A New Kind of Climate Change Graphic

Urgency. Not panic, but a healthy sense of urgency. That’s what we need.

Remember a couple of posts back when I talked about the linkages between food waste and climate change? I wrote in that post that everything we can do to reverse climate change, we should do. I also wrote that I was going to say that a lot more often.

So here is why I’m going to make this idea a common refrain – we need a sense of urgency when it comes to climate change. Just below, I’ve linked to a graphic that I hope will add to that sense of urgency. I noticed this graphic bouncing around the internet recently, so you might have already seen it. Regardless, I urge you to click on the link below and watch it a few times.

Before clicking though, let me orient you a bit. Most graphics we see showing global temperature changes are oriented on an X/Y graph with global temperatures shown on the vertical axis and time demonstrated on the horizontal axis (like NASA’s graph at this link).

Another way of depicting such temperature changes, however, is on a circular graph. In this case, the closer a data point is to the center, the colder the temperature, and the further away from the center, the warmer the temperature. If you have those data points pop up chronologically and connect them by lines, you end up with a spiral showing temperature change over time.
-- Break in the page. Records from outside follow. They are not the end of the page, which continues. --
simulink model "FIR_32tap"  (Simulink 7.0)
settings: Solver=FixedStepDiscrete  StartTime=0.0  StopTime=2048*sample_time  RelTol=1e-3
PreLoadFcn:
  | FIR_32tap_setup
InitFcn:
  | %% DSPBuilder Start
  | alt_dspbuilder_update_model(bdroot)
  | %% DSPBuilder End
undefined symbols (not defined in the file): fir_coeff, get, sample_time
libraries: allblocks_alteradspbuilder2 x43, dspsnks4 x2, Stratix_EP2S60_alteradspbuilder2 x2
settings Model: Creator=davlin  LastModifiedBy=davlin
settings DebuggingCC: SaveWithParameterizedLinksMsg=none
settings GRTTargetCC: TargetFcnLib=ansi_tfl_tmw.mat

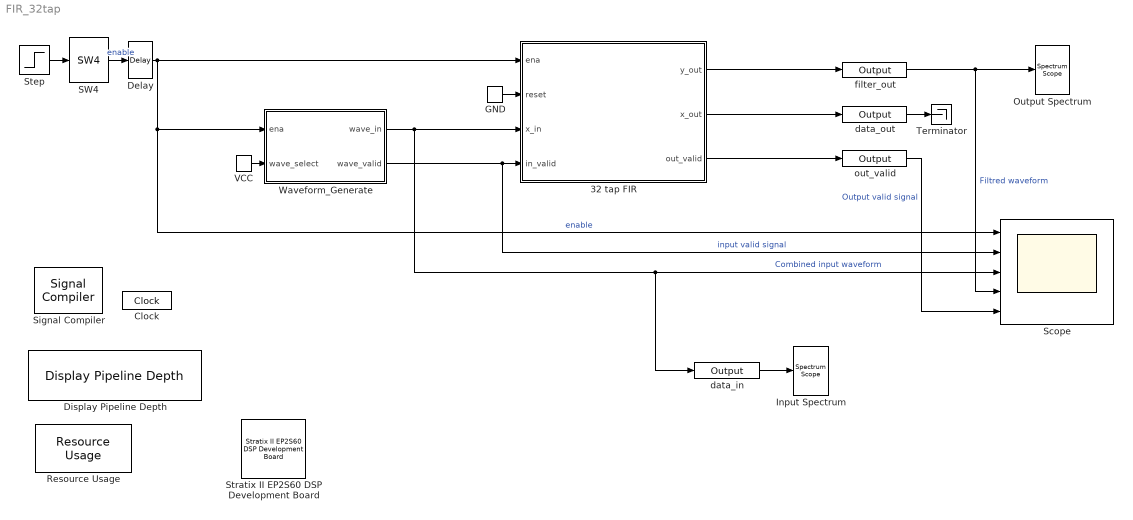
== system FIR_32tap ==
  32 tap FIR : Subsystem
  Clock : allblocks_alteradspbuilder2/Clock  ClockPeriod=clock_period  ClockPeriodUnit=ns  SampleTime=sample_time  SimulationStartCycle=5  PhaseOffset=0  Reset=aclr  ResetType=Active Low  Export=off
  Delay : allblocks_alteradspbuilder2/Delay  pipeline=1  pipeline_display=1  ClockPhase=1  use_ena=off  use_sclr=off  allowFloatingPointOverride=on  logOutputs=off  logFile=C:\Training\DSP_Training\Labs\DSPB_QII_V_9_0\Ex3\partc\tb_FIR_32tap\FIR%5F32tap_Delay.fixedpointlog  use_init=off  reset_value=1
  Display Pipeline Depth : allblocks_alteradspbuilder2/Display Pipeline Depth  DisplayLatencyOnBlocks=on
  GND : allblocks_alteradspbuilder2/GND  SpecifyClock=on  clock=Clock
  Input Spectrum : dspsnks4/Spectrum Scope  DialogController=dspdialog.SpectrumScope  DialogControllerArgs=DataTag0  SystemSampleTime=-1  ScopeProperties=on  Domain=Frequency  HorizSpan=1  UseBuffer=on  BufferSize=128  Overlap=64  inpFftLenInherit=off  FFTlength=128  numAvg=2  DisplayProperties=off  AxisGrid=on  Memory=off  FrameNumber=on  AxisLegend=off  AxisZoom=off  OpenScopeAtSimStart=on  OpenScopeImmediately=off  FigPos=get(0,'defaultfigureposition')  AxisProperties=off  XUnits=Hertz  XRange=[0...Fs/2]  InheritXIncr=on  XIncr=1.0  XLabel=Samples  XLimit=Auto  YUnits=dB  XMax=1  XMin=0  YLabel=Magnitude-squared, dB  LineProperties=off  wintypeSpecScope=Kaiser  RsSpecScope=50  betaSpecScope=5  winsampSpecScope=Periodic
      settings: YMin=1.0709621458062  YMax=69.4519012654706
  Output Spectrum : dspsnks4/Spectrum Scope  DialogController=dspdialog.SpectrumScope  DialogControllerArgs=DataTag1  SystemSampleTime=-1  ScopeProperties=on  Domain=Frequency  HorizSpan=1  UseBuffer=on  BufferSize=128  Overlap=64  inpFftLenInherit=off  FFTlength=128  numAvg=2  DisplayProperties=off  AxisGrid=on  Memory=off  FrameNumber=on  AxisLegend=off  AxisZoom=off  OpenScopeAtSimStart=on  OpenScopeImmediately=off  FigPos=get(0,'defaultfigureposition')  AxisProperties=off  XUnits=Hertz  XRange=[0...Fs/2]  InheritXIncr=on  XIncr=1.0  XLabel=Samples  XLimit=Auto  YUnits=dB  XMax=1  XMin=0  YLabel=Magnitude-squared, dB  LineProperties=off  wintypeSpecScope=Kaiser  RsSpecScope=50  betaSpecScope=5  winsampSpecScope=Periodic
      settings: YMin=-2.30591385737013  YMax=68.9595708716215
  Resource Usage : allblocks_alteradspbuilder2/Resource Usage  logic=3 %%  memory=< 1 %%  dsp=11 %%  memoryLable=Block RAM  dspLable=DSP
  SW4 : Stratix_EP2S60_alteradspbuilder2/SW4  iofile=C:\Training\DSP_Training\Labs\DSPB_QII_V_9_0\Ex3\partc\tb_FIR_32tap\FIR%5F32tap_SW4.salt  externalType=Inferred  SpecifyClock=on  clock=Clock  location=Pin_K14
  Scope : Scope  NumInputPorts=5
      settings: YMin=-500~-750~-1000~-750~-5  YMax=500~750~1000~750~5  Decimation=sample_time  SampleInput=on  SampleTime=sample_time
  Signal Compiler : allblocks_alteradspbuilder2/Signal Compiler  DeviceFamily=Stratix II  DeviceName=EP2S60F1020C4ES  EnableSignalTap=off  SignalTapDepth=256  UseBoardBlock=on  StpUseDefaultClock=on  StpClock=Clock  ExportDir=C:\Test\SR10650919
  Step : Step  Time=1*sample_time  SampleTime=sample_time
  Stratix II EP2S60 DSP Development Board : Stratix_EP2S60_alteradspbuilder2/Stratix II EP2S60 DSP Development Board  ClockPinIn=Pin_AM17  GlobalResetPin=Pin_AG19  device=EP2S60F1020C4ES
  Terminator : Terminator
  VCC : allblocks_alteradspbuilder2/VCC  SpecifyClock=off
  Waveform_Generate : Subsystem
  data_in : allblocks_alteradspbuilder2/Output  iofile=C:\Training\DSP_Training\Labs\DSPB_QII_V_9_0\Ex3\partc\tb_FIR_32tap\FIR%5F32tap_data%5Fin.capture  BusType=Signed Integer  bwl=12  bwr=0  externalType=Inferred  PORTTYPE=Output  allowFloatingPointOverride=on  logOutputs=off
  data_out : allblocks_alteradspbuilder2/Output  iofile=C:\Training\DSP_Training\Labs\DSPB_QII_V_9_0\Ex3\partc\tb_FIR_32tap\FIR%5F32tap_data%5Fout.capture  BusType=Signed Integer  bwl=12  bwr=0  externalType=Inferred  PORTTYPE=Output  allowFloatingPointOverride=on  logOutputs=off
  filter_out : allblocks_alteradspbuilder2/Output  iofile=C:\Training\DSP_Training\Labs\DSPB_QII_V_9_0\Ex3\partc\tb_FIR_32tap\FIR%5F32tap_filter%5Fout.capture  BusType=Signed Fractional  bwl=16  bwr=11  externalType=Inferred  PORTTYPE=Output  allowFloatingPointOverride=on  logOutputs=off
  out_valid : allblocks_alteradspbuilder2/Output  iofile=C:\Training\DSP_Training\Labs\DSPB_QII_V_9_0\Ex3\partc\tb_FIR_32tap\FIR%5F32tap_out%5Fvalid.capture  BusType=Single Bit  bwl=8  bwr=0  externalType=Inferred  PORTTYPE=Output  allowFloatingPointOverride=on  logOutputs=off
  wires:
  Step/1 -> SW4/1
  Waveform_Generate/2(wave_valid) -> Scope/2, 32 tap FIR/4(in_valid)  "input valid signal"
  32 tap FIR/1(y_out) -> filter_out/1
  32 tap FIR/2(x_out) -> data_out/1
  32 tap FIR/3(out_valid) -> out_valid/1
  GND/1 -> 32 tap FIR/2(reset)
  Waveform_Generate/1(wave_in) -> 32 tap FIR/3(x_in), Scope/3, data_in/1  "Combined input waveform"
  SW4/1 -> Delay/1  "enable"
  filter_out/1 -> Scope/4, Output Spectrum/1  "Filtred waveform"
  out_valid/1 -> Scope/5  "Output valid signal"
  data_in/1 -> Input Spectrum/1
  data_out/1 -> Terminator/1
  VCC/1 -> Waveform_Generate/2(wave_select)
  Delay/1 -> Scope/1, Waveform_Generate/1(ena), 32 tap FIR/1(ena)  "enable"

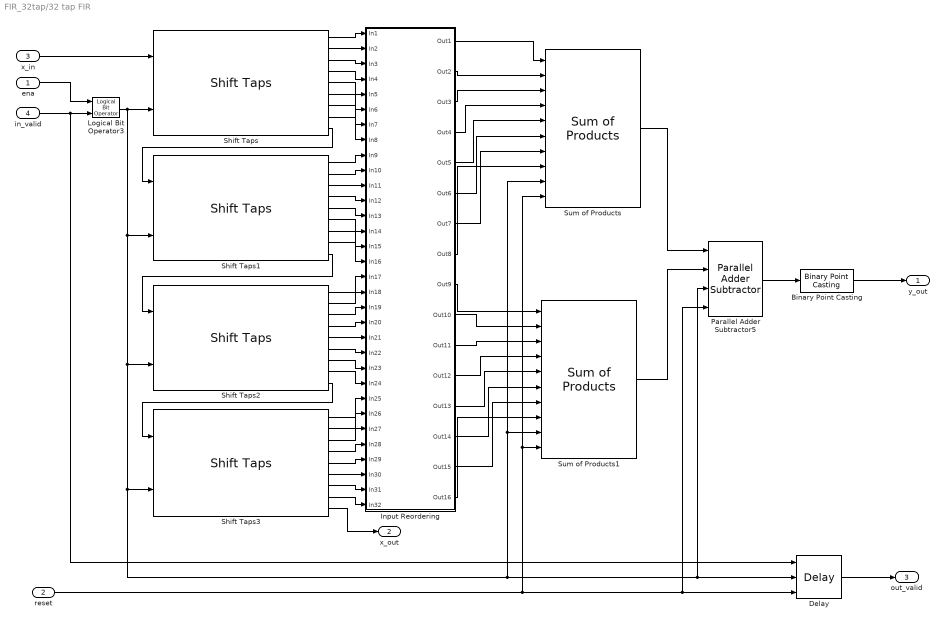
== system FIR_32tap/32 tap FIR ==
  ena : Inport  OutDataType=sfix(16)  OutScaling=2^0
  reset : Inport  Port=2  OutDataType=sfix(16)  OutScaling=2^0
  x_in : Inport  Port=3  OutDataType=sfix(16)  OutScaling=2^0
  in_valid : Inport  Port=4  OutDataType=sfix(16)  OutScaling=2^0
  Binary Point Casting : allblocks_alteradspbuilder2/Binary Point Casting  BusType=Signed Fractional  bwl=27  bwr=0  OutputPointPosition=11  pipeline_display=0
  Delay : allblocks_alteradspbuilder2/Delay  pipeline=35  pipeline_display=35  ClockPhase=1  use_ena=on  use_sclr=on  allowFloatingPointOverride=on  logOutputs=off  logFile=C:\Training\DSP_Training\Labs\DSPB_QII_V_9_0\Ex3\partc\tb_FIR_32tap\FIR%5F32tap_32+tap+FIR_Delay.fixedpointlog  use_init=off  reset_value=1
  Input Reordering : Subsystem  mask(Input Reordering - Custom Blocks){pipeline_level=1}
      mask prompts: pipeline_level "Pipeline Level:"
      mask help: This block reorders the output of the shift register.
  Logical Bit Operator3 : allblocks_alteradspbuilder2/Logical Bit Operator  LogicalOperator=AND  user_inputs=2  pipeline_display=0
  Parallel Adder Subtractor5 : allblocks_alteradspbuilder2/Parallel Adder Subtractor  number_of_inputs=2  direction=++  use_pipeline=on  pipeline_display=1  phase_selection=1  use_ena=on  use_aclr=on  allowFloatingPointOverride=on  logOutputs=off  logFile=C:\Training\DSP_Training\Labs\DSPB_QII_V_9_0\Ex3\partc\tb_FIR_32tap\FIR%5F32tap_32+tap+FIR_Parallel+Adder+Subtractor5.fixedpointlog
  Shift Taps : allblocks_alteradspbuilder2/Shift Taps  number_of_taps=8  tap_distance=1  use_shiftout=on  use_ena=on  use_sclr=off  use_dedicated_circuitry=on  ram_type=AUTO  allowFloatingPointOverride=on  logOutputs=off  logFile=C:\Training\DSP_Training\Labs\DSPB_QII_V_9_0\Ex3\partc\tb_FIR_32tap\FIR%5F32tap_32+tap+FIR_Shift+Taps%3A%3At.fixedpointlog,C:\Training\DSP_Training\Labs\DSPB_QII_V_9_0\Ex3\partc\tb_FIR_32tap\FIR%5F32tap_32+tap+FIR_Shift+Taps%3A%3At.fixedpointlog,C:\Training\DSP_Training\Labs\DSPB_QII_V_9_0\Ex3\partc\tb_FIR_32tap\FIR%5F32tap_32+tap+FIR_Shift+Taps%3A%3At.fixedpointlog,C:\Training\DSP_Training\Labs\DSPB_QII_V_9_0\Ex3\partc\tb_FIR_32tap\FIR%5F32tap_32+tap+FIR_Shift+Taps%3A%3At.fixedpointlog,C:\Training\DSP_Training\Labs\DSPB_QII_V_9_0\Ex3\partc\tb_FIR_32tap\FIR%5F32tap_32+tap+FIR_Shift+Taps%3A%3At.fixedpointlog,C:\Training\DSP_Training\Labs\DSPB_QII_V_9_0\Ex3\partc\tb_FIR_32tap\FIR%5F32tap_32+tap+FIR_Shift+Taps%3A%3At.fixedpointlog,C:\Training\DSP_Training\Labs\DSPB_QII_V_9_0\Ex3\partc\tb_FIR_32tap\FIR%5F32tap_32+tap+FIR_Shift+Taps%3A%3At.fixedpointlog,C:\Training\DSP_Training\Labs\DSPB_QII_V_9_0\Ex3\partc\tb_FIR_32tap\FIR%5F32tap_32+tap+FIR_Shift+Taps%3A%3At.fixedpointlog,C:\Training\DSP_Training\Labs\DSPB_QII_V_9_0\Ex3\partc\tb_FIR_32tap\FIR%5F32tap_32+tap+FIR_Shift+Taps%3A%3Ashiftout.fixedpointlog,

If that spiral overlaps itself (effectively creating lots of circles on top of each other), then temperatures are roughly staying the same over time. If the spiral circles inward, becoming tighter and tighter, that indicates that temperatures are cooling over time. Contrarily, if the spiral moves away from the center, it indicates temperatures warming over time.

What we want, if we are concerned about a changing climate doing things like threatening food security, bleaching our coral reefs, or spreading infectious diseases, is for the spiral to not move outward.

So take a look here.

Gulp. Not good.

Credit goes to climate scientist Ed Hawkins from the University of Reading in England for crafting this graphic. Click on this link to read a bit more from Ed about it.

Urgency. Not panic, but a healthy sense of urgency. That’s what we need. Climate change is reversible, and we don’t yet have to concede that adaptation to climate change is our only hope. That said, we can’t wait for the next generation to figure it out for us. Let’s get to work and keep the spiral from crossing that 2 degree line.